Leanne Smith

Personal information
- Born: May 8, 1988 (age 38) Beverly, Massachusetts, U.S.
- Home town: Salem, Massachusetts, U.S.

Sport
- Sport: Para swimming
- Disability: Dystonia
- Disability class: S3, SM3

Medal record
Women's para swimming
Representing the United States
| Event | 1st | 2nd | 3rd |
| Paralympic Games | 2 | 3 | 0 |
| World Championships | 13 | 3 | 3 |
| Total | 15 | 6 | 3 |
Paralympic Games
| Gold medal – first place | 2024 Paris | 50 m freestyle S4 |
| Gold medal – first place | 2024 Paris | 100 m freestyle S3 |
| Silver medal – second place | 2020 Tokyo | 100 m freestyle S3 |
| Silver medal – second place | 2024 Paris | Mixed 4×50 m freestyle relay 20pts |
| Silver medal – second place | 2024 Paris | Mixed 4×50 m medley relay 20pts |
World Championships
| Gold medal – first place | 2019 London | 50 m breaststroke S3 |
| Gold medal – first place | 2019 London | 100 m freestyle S3 |
| Gold medal – first place | 2019 London | 150 m ind. medley SM4 |
| Gold medal – first place | 2022 Madeira | 50 m breaststroke SB3 |
| Gold medal – first place | 2022 Madeira | 50 m backstroke S3 |
| Gold medal – first place | 2022 Madeira | 50 m freestyle S3 |
| Gold medal – first place | 2022 Madeira | 100 m freestyle S3 |
| Gold medal – first place | 2022 Madeira | 200 m freestyle S3 |
| Gold medal – first place | 2022 Madeira | 150 m ind. medley SM4 |
| Gold medal – first place | 2022 Madeira | Mixed 4×50 m medley 20pts |
| Gold medal – first place | 2025 Singapore | 50 m freestyle S3 |
| Gold medal – first place | 2025 Singapore | 100 m freestyle S3 |
| Gold medal – first place | 2025 Singapore | 200 m freestyle S3 |
| Silver medal – second place | 2019 London | 50 m backstroke S3 |
| Silver medal – second place | 2025 Singapore | 150 m ind. medley SM3 |
| Silver medal – second place | 2025 Singapore | 50 m backstroke S3 |
| Bronze medal – third place | 2023 Manchester | 200 m freestyle S3 |
| Bronze medal – third place | 2025 Singapore | Mixed 4×50 m freestyle relay 20pts |
| Bronze medal – third place | 2025 Singapore | Mixed 4×50 m medley relay 20pts |

= Leanne Smith (swimmer) =

American Paralympic swimmer (born 1988)

Leanne Smith (born May 8, 1988) is an American para swimmer who represented the United States at the 2020 and 2024 Summer Paralympics.

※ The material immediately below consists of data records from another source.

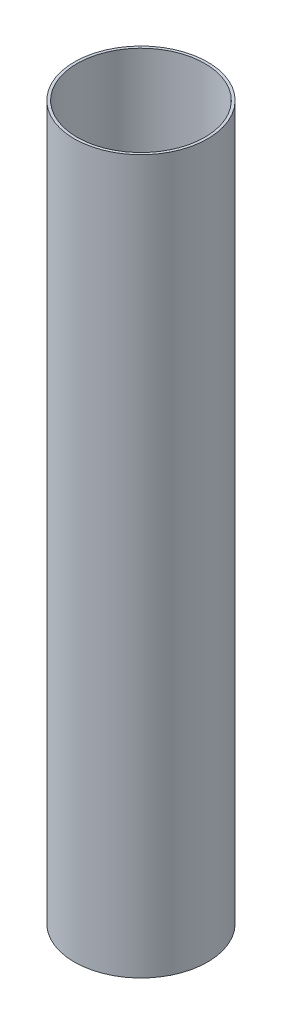
ISO-10303-21;
HEADER;
FILE_DESCRIPTION(('STEP AP214'),'2;1');
FILE_NAME('part.step','',(''),(''),'','','');
FILE_SCHEMA(('AUTOMOTIVE_DESIGN { 1 0 10303 214 1 1 1 1 }'));
ENDSEC;
DATA;
#1=APPLICATION_CONTEXT('core data for automotive mechanical design processes');
#2=APPLICATION_PROTOCOL_DEFINITION('international standard','automotive_design',2000,#1);
#3=PRODUCT_CONTEXT('',#1,'mechanical');
#4=PRODUCT('Part','Part','',(#3));
#5=PRODUCT_RELATED_PRODUCT_CATEGORY('part','',(#4));
#6=PRODUCT_DEFINITION_FORMATION('','',#4);
#7=PRODUCT_DEFINITION_CONTEXT('part definition',#1,'design');
#8=PRODUCT_DEFINITION('design','',#6,#7);
#9=PRODUCT_DEFINITION_SHAPE('','',#8);
#10=(LENGTH_UNIT() NAMED_UNIT(*) SI_UNIT(.MILLI.,.METRE.));
#11=(NAMED_UNIT(*) PLANE_ANGLE_UNIT() SI_UNIT($,.RADIAN.));
#12=(NAMED_UNIT(*) SI_UNIT($,.STERADIAN.) SOLID_ANGLE_UNIT());
#13=UNCERTAINTY_MEASURE_WITH_UNIT(LENGTH_MEASURE(1.E-05),#10,'distance_accuracy_value','');
#14=(GEOMETRIC_REPRESENTATION_CONTEXT(3) GLOBAL_UNCERTAINTY_ASSIGNED_CONTEXT((#13)) GLOBAL_UNIT_ASSIGNED_CONTEXT((#10,
#11,#12)) REPRESENTATION_CONTEXT('',''));
#15=CARTESIAN_POINT('',(0.,0.,0.));
#16=DIRECTION('',(0.,0.,1.));
#17=DIRECTION('',(1.,0.,0.));
#18=AXIS2_PLACEMENT_3D('',#15,#16,#17);
#19=CARTESIAN_POINT('',(0.,304.8,0.));
#20=DIRECTION('',(0.,1.,0.));
#21=DIRECTION('',(0.,0.,1.));
#22=AXIS2_PLACEMENT_3D('',#19,#20,#21);
#23=PLANE('',#22);
#24=CARTESIAN_POINT('',(0.,304.8,0.));
#25=DIRECTION('',(0.,1.,0.));
#26=DIRECTION('',(0.,0.,1.));
#27=AXIS2_PLACEMENT_3D('',#24,#25,#26);
#28=CIRCLE('',#27,28.4734);
#29=CARTESIAN_POINT('',(0.,304.8,28.4734));
#30=VERTEX_POINT('',#29);
#31=EDGE_CURVE('E10',#30,#30,#28,.T.);
#32=ORIENTED_EDGE('',*,*,#31,.T.);
#33=EDGE_LOOP('',(#32));
#34=FACE_BOUND('',#33,.T.);
#35=CARTESIAN_POINT('',(0.,304.8,0.));
#36=DIRECTION('',(0.,1.,0.));
#37=DIRECTION('',(0.,0.,1.));
#38=AXIS2_PLACEMENT_3D('',#35,#36,#37);
#39=CIRCLE('',#38,27.3304);
#40=CARTESIAN_POINT('',(0.,304.8,27.3304));
#41=VERTEX_POINT('',#40);
#42=EDGE_CURVE('E42',#41,#41,#39,.T.);
#43=ORIENTED_EDGE('',*,*,#42,.F.);
#44=EDGE_LOOP('',(#43));
#45=FACE_BOUND('',#44,.T.);
#46=ADVANCED_FACE('F31',(#34,#45),#23,.T.);
#47=CARTESIAN_POINT('',(0.,0.,0.));
#48=DIRECTION('',(0.,1.,0.));
#49=DIRECTION('',(0.,0.,1.));
#50=AXIS2_PLACEMENT_3D('',#47,#48,#49);
#51=PLANE('',#50);
#52=CARTESIAN_POINT('',(0.,0.,0.));
#53=DIRECTION('',(0.,1.,0.));
#54=DIRECTION('',(0.,0.,1.));
#55=AXIS2_PLACEMENT_3D('',#52,#53,#54);
#56=CIRCLE('',#55,28.4734);
#57=CARTESIAN_POINT('',(0.,0.,28.4734));
#58=VERTEX_POINT('',#57);
#59=EDGE_CURVE('E35',#58,#58,#56,.T.);
#60=ORIENTED_EDGE('',*,*,#59,.F.);
#61=EDGE_LOOP('',(#60));
#62=FACE_BOUND('',#61,.T.);
#63=CARTESIAN_POINT('',(0.,0.,0.));
#64=DIRECTION('',(0.,1.,0.));
#65=DIRECTION('',(0.,0.,1.));
#66=AXIS2_PLACEMENT_3D('',#63,#64,#65);
#67=CIRCLE('',#66,27.3304);
#68=CARTESIAN_POINT('',(0.,0.,27.3304));
#69=VERTEX_POINT('',#68);
#70=EDGE_CURVE('E44',#69,#69,#67,.T.);
#71=ORIENTED_EDGE('',*,*,#70,.T.);
#72=EDGE_LOOP('',(#71));
#73=FACE_BOUND('',#72,.T.);
#74=ADVANCED_FACE('F54',(#62,#73),#51,.F.);
#75=CARTESIAN_POINT('',(0.,304.8,0.));
#76=DIRECTION('',(0.,-1.,0.));
#77=DIRECTION('',(0.,0.,-1.));
#78=AXIS2_PLACEMENT_3D('',#75,#76,#77);
#79=CYLINDRICAL_SURFACE('',#78,28.4734);
#80=ORIENTED_EDGE('',*,*,#31,.F.);
#81=EDGE_LOOP('',(#80));
#82=FACE_BOUND('',#81,.T.);
#83=ORIENTED_EDGE('',*,*,#59,.T.);
#84=EDGE_LOOP('',(#83));
#85=FACE_BOUND('',#84,.T.);
#86=ADVANCED_FACE('F33',(#82,#85),#79,.T.);
#87=CARTESIAN_POINT('',(0.,304.8,0.));
#88=DIRECTION('',(0.,-1.,0.));
#89=DIRECTION('',(0.,0.,-1.));
#90=AXIS2_PLACEMENT_3D('',#87,#88,#89);
#91=CYLINDRICAL_SURFACE('',#90,27.3304);
#92=ORIENTED_EDGE('',*,*,#42,.T.);
#93=EDGE_LOOP('',(#92));
#94=FACE_BOUND('',#93,.T.);
#95=ORIENTED_EDGE('',*,*,#70,.F.);
#96=EDGE_LOOP('',(#95));
#97=FACE_BOUND('',#96,.T.);
#98=ADVANCED_FACE('F50',(#94,#97),#91,.F.);
#99=CLOSED_SHELL('',(#46,#74,#86,#98));
#100=MANIFOLD_SOLID_BREP('B2',#99);
#101=ADVANCED_BREP_SHAPE_REPRESENTATION('',(#18,#100),#14);
#102=SHAPE_DEFINITION_REPRESENTATION(#9,#101);
ENDSEC;
END-ISO-10303-21;
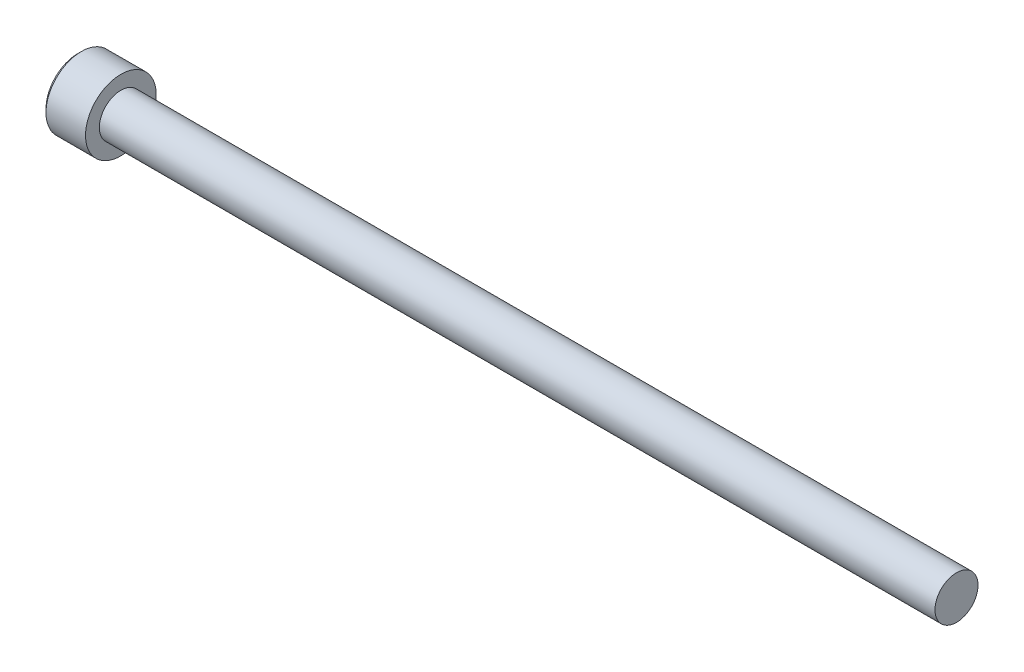
ISO-10303-21;
HEADER;
FILE_DESCRIPTION(('STEP AP214'),'2;1');
FILE_NAME('part.step','',(''),(''),'','','');
FILE_SCHEMA(('AUTOMOTIVE_DESIGN { 1 0 10303 214 1 1 1 1 }'));
ENDSEC;
DATA;
#1=APPLICATION_CONTEXT('core data for automotive mechanical design processes');
#2=APPLICATION_PROTOCOL_DEFINITION('international standard','automotive_design',2000,#1);
#3=PRODUCT_CONTEXT('',#1,'mechanical');
#4=PRODUCT('Part','Part','',(#3));
#5=PRODUCT_RELATED_PRODUCT_CATEGORY('part','',(#4));
#6=PRODUCT_DEFINITION_FORMATION('','',#4);
#7=PRODUCT_DEFINITION_CONTEXT('part definition',#1,'design');
#8=PRODUCT_DEFINITION('design','',#6,#7);
#9=PRODUCT_DEFINITION_SHAPE('','',#8);
#10=(LENGTH_UNIT() NAMED_UNIT(*) SI_UNIT(.MILLI.,.METRE.));
#11=(NAMED_UNIT(*) PLANE_ANGLE_UNIT() SI_UNIT($,.RADIAN.));
#12=(NAMED_UNIT(*) SI_UNIT($,.STERADIAN.) SOLID_ANGLE_UNIT());
#13=UNCERTAINTY_MEASURE_WITH_UNIT(LENGTH_MEASURE(1.E-05),#10,'distance_accuracy_value','');
#14=(GEOMETRIC_REPRESENTATION_CONTEXT(3) GLOBAL_UNCERTAINTY_ASSIGNED_CONTEXT((#13)) GLOBAL_UNIT_ASSIGNED_CONTEXT((#10,
#11,#12)) REPRESENTATION_CONTEXT('',''));
#15=CARTESIAN_POINT('',(0.,0.,0.));
#16=DIRECTION('',(0.,0.,1.));
#17=DIRECTION('',(1.,0.,0.));
#18=AXIS2_PLACEMENT_3D('',#15,#16,#17);
#19=CARTESIAN_POINT('',(-2.28600000000007,-1.14567944042317,1.984375));
#20=DIRECTION('',(0.,0.,1.));
#21=DIRECTION('',(1.,0.,0.));
#22=AXIS2_PLACEMENT_3D('',#19,#20,#21);
#23=PLANE('',#22);
#24=CARTESIAN_POINT('',(-4.82599999995852,1.14567944044653,1.98437499999554));
#25=CARTESIAN_POINT('',(-4.78691618362732,1.06743880343266,1.9843749999984));
#26=CARTESIAN_POINT('',(-4.75011447684892,0.987898318960917,1.98437499999957));
#27=CARTESIAN_POINT('',(-4.68265620500518,0.825677042028778,1.98437500000043));
#28=CARTESIAN_POINT('',(-4.65204056061138,0.742979382529199,1.98437500000012));
#29=CARTESIAN_POINT('',(-4.5991739228306,0.575193959555969,1.98437499999988));
#30=CARTESIAN_POINT('',(-4.57689462080725,0.490115359117279,1.98437499999997));
#31=CARTESIAN_POINT('',(-4.54259467221837,0.318093091130193,1.98437500000003));
#32=CARTESIAN_POINT('',(-4.5305423022885,0.231156054976726,1.984375));
#33=CARTESIAN_POINT('',(-4.52249110263747,0.119918521511051,1.984375));
#34=CARTESIAN_POINT('',(-4.52118947557477,0.0959468443046798,1.984375));
#35=CARTESIAN_POINT('',(-4.51945182629813,0.0479845644411998,1.984375));
#36=CARTESIAN_POINT('',(-4.51901533386223,0.0239939791589393,1.984375));
#37=CARTESIAN_POINT('',(-4.51901809008399,-0.0602201717457363,1.984375));
#38=CARTESIAN_POINT('',(-4.52177452299902,-0.120461721905447,1.984375));
#39=CARTESIAN_POINT('',(-4.5326365512493,-0.240474970989197,1.984375));
#40=CARTESIAN_POINT('',(-4.54074587749718,-0.300246312758427,1.984375));
#41=CARTESIAN_POINT('',(-4.57259622946939,-0.478763752804282,1.984375));
#42=CARTESIAN_POINT('',(-4.60385422611702,-0.596208828937734,1.984375));
#43=CARTESIAN_POINT('',(-4.66780003592237,-0.785921487441256,1.984375));
#44=CARTESIAN_POINT('',(-4.69623457768558,-0.859734609866899,1.984375));
#45=CARTESIAN_POINT('',(-4.75786140400812,-1.00456595519282,1.984375));
#46=CARTESIAN_POINT('',(-4.79100779300359,-1.07560356657101,1.984375));
#47=CARTESIAN_POINT('',(-4.82599999995643,-1.14567944044724,1.984375));
#48=B_SPLINE_CURVE_WITH_KNOTS('',3,(#24,#25,#26,#27,#28,#29,#30,#31,#32,#33,#34,#35,#36,#37,#38,
#39,#40,#41,#42,#43,#44,#45,#46,#47),.UNSPECIFIED.,.F.,.F.,(4,2,2,2,2,2,2,2,2,2,2,4),(0.,
0.262559005207405,0.526801735838036,0.790138824405318,1.05265603861765,1.12466619182083,
1.19663719499031,1.3772702672652,1.55802937209382,1.92104085090328,2.15819130092264,
2.39317265078575),.UNSPECIFIED.);
#49=CARTESIAN_POINT('',(-4.82599999996829,1.14567944041753,1.98437500003084));
#50=VERTEX_POINT('',#49);
#51=CARTESIAN_POINT('',(-4.8259999999622,-1.14567944043207,1.98437500001542));
#52=VERTEX_POINT('',#51);
#53=EDGE_CURVE('E20',#50,#52,#48,.T.);
#54=ORIENTED_EDGE('',*,*,#53,.F.);
#55=DIRECTION('',(1.,0.,0.));
#56=VECTOR('',#55,1.);
#57=CARTESIAN_POINT('',(-2.28600000000007,1.14567944042316,1.984375));
#58=LINE('',#57,#56);
#59=CARTESIAN_POINT('',(-2.28600000000007,1.14567944042316,1.984375));
#60=VERTEX_POINT('',#59);
#61=EDGE_CURVE('E68',#50,#60,#58,.T.);
#62=ORIENTED_EDGE('',*,*,#61,.T.);
#63=DIRECTION('',(0.,1.,0.));
#64=VECTOR('',#63,1.);
#65=CARTESIAN_POINT('',(-2.28600000000007,0.,1.984375));
#66=LINE('',#65,#64);
#67=CARTESIAN_POINT('',(-2.28600000000007,-1.14567944042317,1.984375));
#68=VERTEX_POINT('',#67);
#69=EDGE_CURVE('E74',#68,#60,#66,.T.);
#70=ORIENTED_EDGE('',*,*,#69,.F.);
#71=DIRECTION('',(1.,0.,0.));
#72=VECTOR('',#71,1.);
#73=CARTESIAN_POINT('',(-2.28600000000007,-1.14567944042317,1.984375));
#74=LINE('',#73,#72);
#75=EDGE_CURVE('E71',#68,#52,#74,.F.);
#76=ORIENTED_EDGE('',*,*,#75,.T.);
#77=EDGE_LOOP('',(#54,#62,#70,#76));
#78=FACE_BOUND('',#77,.T.);
#79=ADVANCED_FACE('F16',(#78),#23,.F.);
#80=CARTESIAN_POINT('',(-2.28600000000007,0.,0.));
#81=DIRECTION('',(-1.,0.,0.));
#82=DIRECTION('',(0.,0.,1.));
#83=AXIS2_PLACEMENT_3D('',#80,#81,#82);
#84=PLANE('',#83);
#85=DIRECTION('',(0.,0.5,0.866025403784439));
#86=VECTOR('',#85,1.);
#87=CARTESIAN_POINT('',(-2.28600000000007,2.29135888084633,0.));
#88=LINE('',#87,#86);
#89=CARTESIAN_POINT('',(-2.28600000000007,2.29135888084633,0.));
#90=VERTEX_POINT('',#89);
#91=CARTESIAN_POINT('',(-2.28600000000007,1.14567944042316,-1.984375));
#92=VERTEX_POINT('',#91);
#93=EDGE_CURVE('E82',#90,#92,#88,.F.);
#94=ORIENTED_EDGE('',*,*,#93,.T.);
#95=DIRECTION('',(0.,1.,0.));
#96=VECTOR('',#95,1.);
#97=CARTESIAN_POINT('',(-2.28600000000007,1.14567944042316,-1.984375));
#98=LINE('',#97,#96);
#99=CARTESIAN_POINT('',(-2.28600000000007,-1.14567944042316,-1.984375));
#100=VERTEX_POINT('',#99);
#101=EDGE_CURVE('E242',#92,#100,#98,.F.);
#102=ORIENTED_EDGE('',*,*,#101,.T.);
#103=DIRECTION('',(0.,0.5,-0.866025403784439));
#104=VECTOR('',#103,1.);
#105=CARTESIAN_POINT('',(-2.28600000000007,-1.14567944042316,-1.984375));
#106=LINE('',#105,#104);
#107=CARTESIAN_POINT('',(-2.28600000000007,-2.29135888084633,0.));
#108=VERTEX_POINT('',#107);
#109=EDGE_CURVE('E227',#100,#108,#106,.F.);
#110=ORIENTED_EDGE('',*,*,#109,.T.);
#111=DIRECTION('',(0.,-0.5,-0.866025403784439));
#112=VECTOR('',#111,1.);
#113=CARTESIAN_POINT('',(-2.28600000000007,-2.29135888084633,0.));
#114=LINE('',#113,#112);
#115=EDGE_CURVE('E224',#108,#68,#114,.F.);
#116=ORIENTED_EDGE('',*,*,#115,.T.);
#117=ORIENTED_EDGE('',*,*,#69,.T.);
#118=DIRECTION('',(0.,-0.5,0.866025403784439));
#119=VECTOR('',#118,1.);
#120=CARTESIAN_POINT('',(-2.28600000000007,1.14567944042316,1.984375));
#121=LINE('',#120,#119);
#122=EDGE_CURVE('E81',#60,#90,#121,.F.);
#123=ORIENTED_EDGE('',*,*,#122,.T.);
#124=EDGE_LOOP('',(#94,#102,#110,#116,#117,#123));
#125=FACE_BOUND('',#124,.T.);
#126=ADVANCED_FACE('F160',(#125),#84,.T.);
#127=CARTESIAN_POINT('',(-2.28600000000007,-1.14567944042316,-1.984375));
#128=DIRECTION('',(0.,-0.866025403784439,-0.5));
#129=DIRECTION('',(0.,0.5,-0.866025403784439));
#130=AXIS2_PLACEMENT_3D('',#127,#128,#129);
#131=PLANE('',#130);
#132=CARTESIAN_POINT('',(-4.82599999995871,-1.14567944040756,-1.98437500001887));
#133=CARTESIAN_POINT('',(-4.78666022792997,-1.18505700230148,-1.91617106214563));
#134=CARTESIAN_POINT('',(-4.74963132844072,-1.22509295783734,-1.8468267530301));
#135=CARTESIAN_POINT('',(-4.68183299424977,-1.30673037975396,-1.70542659047317));
#136=CARTESIAN_POINT('',(-4.65110127019237,-1.34833960561553,-1.63335729721673));
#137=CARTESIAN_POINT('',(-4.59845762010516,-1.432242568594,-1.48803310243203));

She is a thirteen-time World Champion.

==Career==
Smith represented the United States in the women's 100 metre freestyle S3 event and won a silver medal at the 2020 Summer Paralympics.

On April 14, 2022, Smith was named to the roster to represent the United States at the 2022 World Para Swimming Championships. At the World Championships, she won a gold medal in all seven events she participated in, to lead all swimmers in gold medals. Her seven gold medals were the most in a single championships by an American since Jessica Long also won seven gold medals in 2010.

Following the 2022 World Para Championships, she fell ill with a respiratory infection. As a result, she spent several weeks in the hospital with a partially collapsed lung, including time in the intensive care unit. During this time she had to relearn how to eat, speak, swallow and swim. After extensive rehab on April 29, 2023, Smith was named to the roster to represent the United States at the 2023 World Para Swimming Championships. During the event she won a bronze medal in the 200 metre freestyle S3 event.

She competed at the 2025 World Para Swimming Championships and tied Katie Kubiak as team USA's most decorated swimmer at the event with seven medals. She won three gold medals, two silver medals and two bronze medals.

==Personal life==
In 2012 Smith was diagnosed with dystonia, a progressive disease which affects all four of her limbs, her vocal cords and her trunk. She was also diagnosed with lupus.